Are they more durable or something this way, or is there something wrong?


----------



## Caffeine Powered (Mar 31, 2005)

rotational friction variables: dust/grease seal condition/quality, bearing quality, grease viscosity and amount, presence or absence of bearing tension, and amount of rotational mass & force.


----------



## bob13bob (Jun 22, 2009)

I'll take that to mean that its normal for higher end pedals to rotate less smoothly. Not complaining, I guess it's like that for a reason (withstand more force?). Weird one altacs smooth so much better than the other, I'll open it up I guess.


----------



## Caffeine Powered (Mar 31, 2005)

Before you taking any bearing assembly apart, does it feel gritty as you rotate it? Can you feel indentations or imperfections as you gently turn the pedal? This applies to any bearing, whether it's a hub, headset or bottom bracket. If it feels stiff but not tight it should be fine. If it feels glassy smooth and turns freely but without play then it should be fine as well. I don't use the Atac pedals so I don't know if they're needle or ball bearings or if they're open or sealed cartridge bearings.


----------



## Okayfine (Sep 7, 2010)

bob13bob said:


> I'll take that to mean that its normal for higher end pedals to rotate less smoothly.


Less SMOOTHLY, or less FREELY? There's a difference. I'd suggest that the higher-end pedals will rotate more smoothly, if less freely. Cheap pedals are usually loose-ball bearings and are set up on the loose/free side, and grow looser as things wear, while higher-end stuff will wear less over a longer period of time.


----------



## zebrahum (Jun 29, 2005)

Decent quality pedals should not spin "freely". They should have damping because of grease. They should, however, spin smoothly.


----------



## winter (Nov 30, 2009)

Good seals will also contribute some drag and cause the pedal to not rotate freely but this is a trade off to ensure as little contaminants as possible get into the bearings. I have many variants of ATAC pedals going all the way back to the original carbon composite stubby ones; yes, they tend to not spin very freely when new. Once the seals and bearing get worn in, they do loosen up and will even develop a little play.


----------



## akacoke (May 11, 2011)

good pedals with tight bearings will not spin freely like the cheap pedals that will spin forever.


----------



## Caffeine Powered (Mar 31, 2005)

Keep this in mind: the OP asked about new pedals and his perception of the bearing quality. Not our 6 year old, ragged, unmaintained pedals that have been striking roots and the ground from pedaling through corners


----------



## trailof (Mar 18, 2010)

I use Time pedals, and the bearings are smooth but they don't spin for forever. I always thought it was more of a feature than an issue, as it keeps the pedal in an easy position to clip in. My 12 year old originals and the ATAC XS and ROC ATAC recent purchases are all the same. I think it may also be a weight distribution in the pedal as they always end up at the same angle.
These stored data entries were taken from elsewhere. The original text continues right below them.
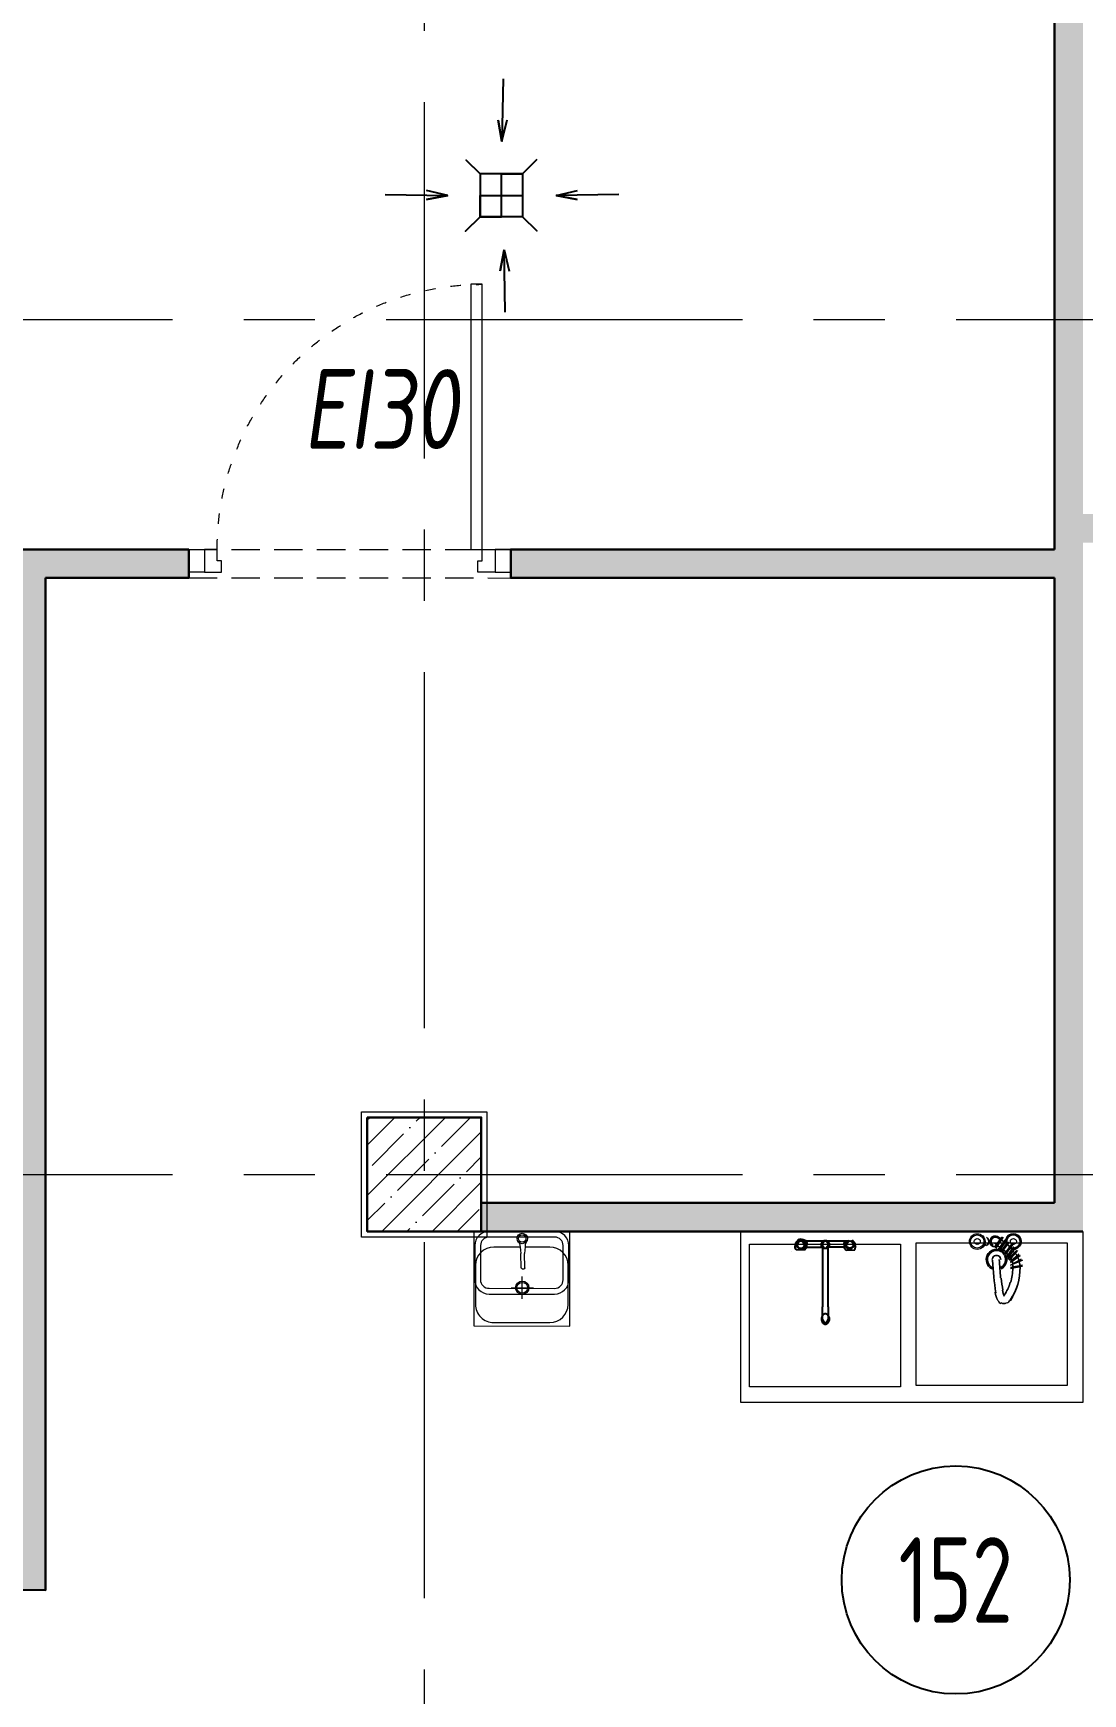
# Model space of a CAD drawing. Header units: millimetres. Extents: x -265044 to 366616, y 0 to 292181.
# Drawn here: x -207607 to -203923, y 110778 to 116605 of the extents above; entities that cross this region are included whole.
import ezdxf
from ezdxf.enums import TextEntityAlignment as Align

# ---------------------------------------------------------------- set-up
doc = ezdxf.new("R2010")
doc.units = ezdxf.units.MM
doc.header["$MEASUREMENT"] = 0
for name, pattern in [('ACAD_ISO03W100', [30, 12, -18]), ('ADSK_Штриховая_ш2 п1', [3, 2, -1]), ('CENTER', [2, 1.25, -0.25, 0.25, -0.25])]:
    doc.linetypes.add(name, pattern=pattern)
doc.layers.get('0').update_dxf_attribs({"color": 250, "lineweight": 9})
for name, color, linetype, lineweight in [('АР_Двери', 5, 'Continuous', 18), ('АР_Колонны', 5, 'Continuous', 30), ('АР_Колонны Штрих', 250, 'Continuous', 5), ('АР_Маркер экспликации', 239, 'Continuous', 13), ('АР_Номер помещения', 1, 'Continuous', 25), ('АР_Оси', 193, 'Continuous', 9), ('АР_Перегородки газоблок', 165, 'Continuous', 30), ('АР_Перегородки газоблок_Штрих', 165, 'Continuous', 5), ('АР_Помещения_площадь', 19, 'Continuous', 9), ('АР_тонкая линия', 250, 'Continuous', 0), ('Оборудование пищеблок', 250, 'Continuous', 5), ('ТХ_пищеблок', 30, 'Continuous', 20)]:
    doc.layers.add(name, color=color, linetype=linetype, lineweight=lineweight)
doc.layers.add('АР_ПБ_Двери', color=7, linetype='Continuous', lineweight=15, true_color=0xdb0000)
doc.layers.add('ТХ_ВК_трапы', color=5, linetype='Continuous')
doc.styles.add('ISOCPEUR', font='isocpeur.ttf', dxfattribs={"width": 0.7})
doc.styles.get("Standard").update_dxf_attribs({"font": 'isocpeur.ttf'})
doc.styles.add('Архитект', font='isocpeur.ttf', dxfattribs={"width": 0.8, "oblique": 8})

# ---------------------------------------------------------------- blocks, each defined once
blk = doc.blocks.new('*U12')
at = {"color": 8}
blk.add_lwpolyline([(100, 80), (100, 1010), (140, 1010), (140, 80)], close=True, dxfattribs=at)
for points in [[(0, 0), (0, 80), (55, 80), (55, 0), (0, 0)], [(55, 80), (55, 0), (115, 0), (115, 40), (100, 40), (100, 80), (55, 80)], [(1075, 80), (1075, 0), (1015, 0), (1015, 40), (1030, 40), (1030, 80), (1075, 80)], [(1130, 0), (1130, 80), (1075, 80), (1075, 0), (1130, 0)]]:
    blk.add_lwpolyline(points, dxfattribs=at)
at = {"color": 8, "linetype": 'ACAD_ISO03W100', "ltscale": 3}
blk.add_arc((100, 80), 930, 0, 90, dxfattribs=at)
blk = doc.blocks.new('*U56')
at = {"layer": 'АР_Номер помещения', "color": 8}
blk.add_circle((-5271, -1713.5), 400, dxfattribs=at)
at = {"layer": 'АР_Помещения_площадь', "color": 8}
blk.add_line((-3516, -2969.3), (-3938.3, -2969.3), dxfattribs=at)
at = {"color": 8, "style": 'ISOCPEUR', "width": 0.7, "flags": 1}
blk.add_attdef('КАТЕГОРИЯ', (-499.2, -2092.2), '', height=250, dxfattribs=at)
at = {"layer": 'АР_Номер помещения', "color": 8, "style": 'ISOCPEUR', "width": 0.7}
blk.add_attdef('НОМЕР_ПОМЕЩЕНИЯ', text='', height=300, dxfattribs=at).set_placement((-5271, -1713.5), align=Align.MIDDLE_CENTER)
at = {"layer": 'АР_Помещения_площадь', "color": 8, "lineweight": 30, "width": 0.7, "flags": 104}
blk.add_attdef('ИМЯ_ПОМЕЩЕНИЯ', text='', height=100, dxfattribs=at).set_placement((157.6, 1217.1), align=Align.MIDDLE_CENTER)
at = {"layer": 'АР_Помещения_площадь', "color": 8, "style": 'ISOCPEUR', "width": 0.7}
blk.add_attdef('ПЛОЩАДЬ_ПОМЕЩЕНИЯ', text='', height=200, dxfattribs=at).set_placement((-3511.1, -2722.8), align=Align.MIDDLE_RIGHT)
blk = doc.blocks.new('Трапы с разуклонкой')
at = {"layer": 'ТХ_ВК_трапы', "color": 8}
blk.add_lwpolyline([(364930.9, 183328), (364980.7, 183277.7), (364980.7, 183127.7), (364930.9, 183078), (364980.7, 183127.7), (365129.9, 183127.7), (365180.9, 183076.7), (365129.9, 183127.7), (365055.3, 183127.7), (365055.3, 183277.7), (364980.7, 183277.7), (365129.9, 183277.7), (365178.9, 183326.7), (365129.9, 183277.7), (365129.9, 183127.7), (365129.9, 183202.7), (364980.7, 183202.7)], dxfattribs=at)
blk.add_lwpolyline([(364930.9, 183328), (364980.7, 183277.7), (364980.7, 183127.7), (364930.9, 183078), (364980.7, 183127.7), (365129.9, 183127.7), (365180.9, 183076.7), (365129.9, 183127.7), (365055.3, 183127.7), (365055.3, 183277.7), (364980.7, 183277.7), (365129.9, 183277.7), (365178.9, 183326.7), (365129.9, 183277.7), (365129.9, 183127.7), (365129.9, 183202.7), (364980.7, 183202.7)], dxfattribs=at)
blk = doc.blocks.new('A$C0ce66a75')
at = {"layer": 'Оборудование пищеблок', "color": 8}
for points in [[(600, 0), (0, 0), (0, 1200), (600, 1200)], [(540.2, 615), (40.2, 615), (40.2, 1145), (540.2, 1145)], [(545.1, 30.8), (45.1, 30.8), (45.1, 560.8), (545.1, 560.8)]]:
    blk.add_lwpolyline(points, close=True, dxfattribs=at)
blk = doc.blocks.new('A$C985b353d')
at = {"layer": 'ТХ_ВК_трапы', "color": 8, "ltscale": 100}
for p, q in [((6.4, 408.7), (2.2, 189.2)), ((2.2, 189.2), (-11.2, 263.5)), ((-11.2, 263.5), (2.2, 189.2)), ((2.2, 189.2), (19.8, 264.3)), ((-407.4, 3.3), (-187.9, -0.9)), ((-187.9, -0.9), (-263, 16.7)), ((192.3, -0.9), (267.4, 16.7)), ((411.8, 3.3), (192.3, -0.9)), ((-187.9, -0.9), (-262.2, -14.3)), ((-262.2, -14.3), (-187.9, -0.9)), ((192.3, -0.9), (266.6, -14.3)), ((266.6, -14.3), (192.3, -0.9)), ((9.7, -190.8), (-3.8, -265.2)), ((-3.8, -265.2), (9.7, -190.8)), ((13.8, -410.3), (9.7, -190.8)), ((9.7, -190.8), (27.3, -265.9))]:
    blk.add_line(p, q, dxfattribs=at)

msp = doc.modelspace()

# ---------------------------------------------------------------- hatches: boundary and pattern name
at = {"layer": 'АР_Колонны Штрих', "ltscale": 100}
h = msp.add_hatch(dxfattribs=at)
h.set_pattern_fill('ANSI35', color=8, scale=500)
h.set_pattern_definition([(45, (-1163486.01, 152672.16), (-88.388348, 88.388348), []), (45, (-1163397.63, 152672.16), (-88.388348, 88.388348), [156.25, -31.25, 0, -31.25])])
h.paths.add_polyline_path([(-206033.9, 112800.7), (-206433.9, 112800.7), (-206433.9, 112400.7), (-206033.9, 112400.7)])
at = {"layer": 'АР_Перегородки газоблок_Штрих', "ltscale": 100}
h = msp.add_hatch(dxfattribs=at)
h.set_pattern_fill('AR-CONC', color=8, scale=30)
h.set_pattern_definition([(50, (0.09, 1576.72), (215.17805, -18.82564), [22.5, -247.5]), (355, (0.09, 1576.72), (-41.6254, 225.65764), [18, -198]), (100.45144, (18.02, 1575.15), (173.55265, 206.832), [19.12206, -210.34263]), (46.1842, (0.09, 1636.72), (320.1724, -49.65578), [33.75, -371.25]), (96.63564, (26.77, 1632.6), (280.3986, 292.2356), [28.6831, -315.51413]), (351.18416, (0.09, 1636.72), (280.3986, 292.2356), [27, -297]), (21, (30.1, 1621.72), (179.07212, -120.78567), [22.5, -247.5]), (326, (30.1, 1621.72), (72.9946, 217.54501), [18, -198]), (71.45144, (45.02, 1611.66), (252.06671, 96.75935), [19.12206, -210.34263]), (37.5, (0.09, 1576.72), (3.647957, 99.868156), [0, -195.6, 0, -201, 0, -198.75]), (7.5, (0.09, 1576.72), (78.92086, 118.323514), [0, -114.6, 0, -191.1, 0, -75.75]), (327.5, (-66.81, 1576.72), (160.14673, -6.766462), [0, -75, 0, -234, 0, -310.5]), (317.5, (-96.8, 1576.72), (174.95585, 30.031495), [0, -97.5, 0, -155.4, 0, -220.5])])
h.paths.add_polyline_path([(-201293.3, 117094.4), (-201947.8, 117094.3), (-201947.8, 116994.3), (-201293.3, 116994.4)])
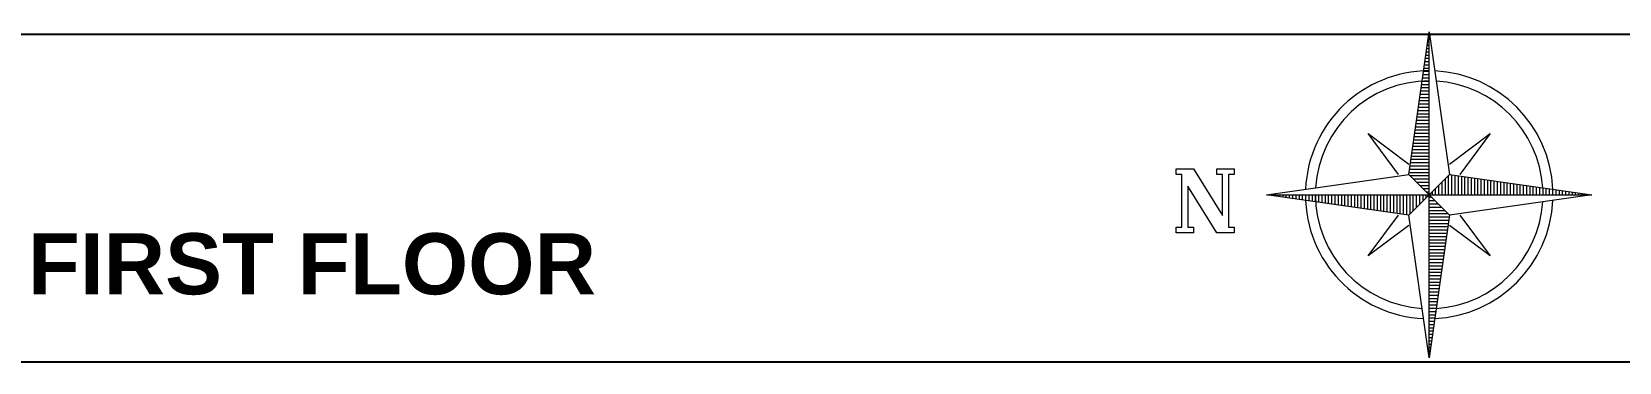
# Model space of a CAD drawing. Header units: inches. Extents: x -17070 to 527, y 504 to 2398.
# Drawn here: x -10625.73 to -10606.07, y 504.14 to 508.22 of the extents above; entities that cross this region are included whole.
import ezdxf

# ---------------------------------------------------------------- set-up
doc = ezdxf.new("R2010")
doc.units = ezdxf.units.IN
doc.layers.add('elevation', color=7, linetype='Continuous')
doc.layers.add('TEXT', color=7, linetype='Continuous', lineweight=9)
doc.styles.add('ROMANC', font='arialbd.ttf', dxfattribs={"height": 0.35})

# ---------------------------------------------------------------- blocks, each defined once
blk = doc.blocks.new('de')
at = {"layer": 'elevation', "ltscale": 0.0005}
for p, q in [((-10856.90422, 504.19118), (-10856.06422, 504.19118)), ((-10856.06422, 504.13708), (-10856.90422, 504.13708))]:
    blk.add_line(p, q, dxfattribs=at)
blk = doc.blocks.new('*X191')
at = {"color": 0, "linetype": 'ByBlock'}
for p, q in [((-217.53, 160.4998), (-217.53, 160.5)), ((-217.52, 160.4984), (-217.52, 160.5)), ((-217.51, 160.497), (-217.51, 160.5)), ((-217.5, 160.4955), (-217.5, 160.5)), ((-217.49, 160.4941), (-217.49, 160.5)), ((-217.48, 160.4927), (-217.48, 160.5)), ((-217.47, 160.4913), (-217.47, 160.5)), ((-217.46, 160.4898), (-217.46, 160.5)), ((-217.45, 160.4884), (-217.45, 160.5)), ((-217.44, 160.487), (-217.44, 160.5)), ((-217.43, 160.4855), (-217.43, 160.5)), ((-217.42, 160.4841), (-217.42, 160.5)), ((-217.41, 160.4827), (-217.41, 160.5)), ((-217.4, 160.4812), (-217.4, 160.5)), ((-217.39, 160.4798), (-217.39, 160.5)), ((-217.38, 160.4784), (-217.38, 160.5)), ((-217.37, 160.477), (-217.37, 160.5)), ((-217.36, 160.4755), (-217.36, 160.5)), ((-217.35, 160.4741), (-217.35, 160.5)), ((-217.34, 160.4727), (-217.34, 160.5)), ((-217.33, 160.4712), (-217.33, 160.5)), ((-217.32, 160.4698), (-217.32, 160.5)), ((-217.31, 160.4684), (-217.31, 160.5)), ((-217.3, 160.467), (-217.3, 160.5)), ((-217.29, 160.4655), (-217.29, 160.5)), ((-217.28, 160.4641), (-217.28, 160.5)), ((-217.27, 160.4627), (-217.27, 160.5)), ((-217.26, 160.4613), (-217.26, 160.5)), ((-217.25, 160.4598), (-217.25, 160.5)), ((-217.24, 160.4584), (-217.24, 160.5)), ((-217.23, 160.457), (-217.23, 160.5)), ((-217.22, 160.4555), (-217.22, 160.5)), ((-217.21, 160.4541), (-217.21, 160.5)), ((-217.2, 160.4527), (-217.2, 160.5)), ((-217.19, 160.4512), (-217.19, 160.5)), ((-217.18, 160.4498), (-217.18, 160.5)), ((-217.17, 160.4484), (-217.17, 160.5)), ((-217.16, 160.447), (-217.16, 160.5)), ((-217.15, 160.4455), (-217.15, 160.5)), ((-217.14, 160.4441), (-217.14, 160.5)), ((-217.13, 160.4427), (-217.13, 160.5)), ((-217.12, 160.4412), (-217.12, 160.5)), ((-217.11, 160.4398), (-217.11, 160.5)), ((-217.1, 160.4384), (-217.1, 160.5)), ((-217.09, 160.4412), (-217.09, 160.5)), ((-217.08, 160.4512), (-217.08, 160.5)), ((-217.07, 160.4613), (-217.07, 160.5)), ((-217.06, 160.4712), (-217.06, 160.5)), ((-217.05, 160.4812), (-217.05, 160.5)), ((-217.04, 160.4913), (-217.04, 160.5))]:
    blk.add_line(p, q, dxfattribs=at)
blk = doc.blocks.new('01PSNA24')
at = {"layer": 'TEXT', "color": 7}
for p, q in [((-0.0625, 0.0625), (0, 0.5)), ((0, 0.5), (0, 0)), ((0, 0.5), (0.0625, 0.0625)), ((-0.1875, 0.1875), (-0.0625, 0.0938)), ((-0.0938, 0.0625), (-0.1875, 0.1875)), ((0.0625, 0.0938), (0.1875, 0.1875)), ((0.1875, 0.1875), (0.0938, 0.0625)), ((-0.5, 0), (-0.0625, 0.0625)), ((-0.0625, 0.0625), (0, 0)), ((0, 0), (0.0625, 0.0625)), ((0.0625, 0.0625), (0.5, 0)), ((0, 0), (-0.5, 0)), ((-0.0625, -0.0625), (-0.5, 0)), ((-0.0625, -0.0625), (0, 0)), ((0.5, 0), (0, 0)), ((0, 0), (0, -0.5)), ((0, 0), (0.0625, -0.0625)), ((0.5, 0), (0.0625, -0.0625)), ((-0.1875, -0.1875), (-0.0938, -0.0625)), ((-0.0625, -0.0938), (-0.1875, -0.1875)), ((0, -0.5), (-0.0625, -0.0625)), ((0.0625, -0.0625), (0, -0.5)), ((0.1875, -0.1875), (0.0625, -0.0938)), ((0.0938, -0.0625), (0.1875, -0.1875))]:
    blk.add_line(p, q, dxfattribs=at)
blk.add_lwpolyline([(0.7418, 0.0989), (0.7239, 0.0989), (0.7239, 0.1168), (0.7775, 0.1168), (0.7775, 0.0989), (0.7596, 0.0989), (0.7596, -0.0618), (0.7775, -0.0618), (0.7775, -0.0796), (0.7239, -0.0796), (0.6346, 0.0632), (0.6346, -0.0618), (0.6525, -0.0618), (0.6525, -0.0796), (0.5989, -0.0796), (0.5989, -0.0618), (0.6168, -0.0618), (0.6168, 0.0989), (0.5989, 0.0989), (0.5989, 0.1168), (0.6525, 0.1168), (0.7418, -0.0261), (0.7418, 0.0989)], dxfattribs=at)
for radius, start, end in [(0.3802, 92.5891, 177.4109), (0.3494, 93.5464, 176.4536), (0.3802, 0, 87.4109), (0.3494, 0, 86.4536), (0.3802, 182.5891, 267.4109), (0.3494, 183.5464, 266.4536), (0.3802, 270, 357.4109), (0.3494, 270, 356.4536)]:
    blk.add_arc((0, 0), radius, start, end, dxfattribs=at)
for p, rotation in [((-160.5, -217.0312), 270), ((-217.0312, 160.5), 180), ((160.5, 217.0312), 89.99999999999999)]:
    blk.add_blockref('*X191', p, dxfattribs=dict(at, rotation=rotation))
blk.add_blockref('*X191', (217.0312, -160.5), dxfattribs=at)

msp = doc.modelspace()

# ---------------------------------------------------------------- block references
at = {"layer": 'elevation', "xscale": 75, "yscale": 75, "zscale": 75}
msp.add_blockref('de', (803612.88564, -37306.1441), dxfattribs=at)
at = {"layer": 'TEXT', "xscale": 4.031570374589137, "yscale": 4.031570374589137, "zscale": 4.031570374588254, "rotation": 180}
msp.add_blockref('01PSNA24', (-10608.42021, 506.20773), dxfattribs=at)

# ---------------------------------------------------------------- texts
at = {"color": 0, "ltscale": 0.0005, "insert": (-10626.06734, 505.73218), "char_height": 0.7557351, "width": 11.7267808, "attachment_point": 1, "style": 'ROMANC'}
msp.add_mtext('{\\fArial|b1|i0|c161|p34; FIRST FLOOR}', dxfattribs=at)

doc.saveas('drawing.dxf')

There is a cartridge bearing inside the body on the pedal spindle. I think in the 29er or general forum someone did a video walkthrough on how to replace the bearings on ATAC pedals.


----------



## Shark (Feb 4, 2006)

The atac pedals have an outer and inner seal, so no, they don't spin freely, but they should def be smooth.


----------



## bob13bob (Jun 22, 2009)

you are correct, I meant freely. I was just a little worried. Thanks to all for clearing my concerns.



Okayfine said:


> Less SMOOTHLY, or less FREELY? There's a difference. I'd suggest that the higher-end pedals will rotate more smoothly, if less freely. Cheap pedals are usually loose-ball bearings and are set up on the loose/free side, and grow looser as things wear, while higher-end stuff will wear less over a longer period of time.


----------



## hankering (Dec 28, 2014)

Old thread, but short and useful -- I yesterday bought my first new bike since 1970, and things have changed a bit. Well, so have I. The supplied pedals -- 
VP-615 - VP Components
surprised me -- they turn very smoothly with finger pressure, but don't turn at all except when they're pushed, they stop as soon as I stop pushing them. 
I gather from the above comments this is expected for well sealed new pedals.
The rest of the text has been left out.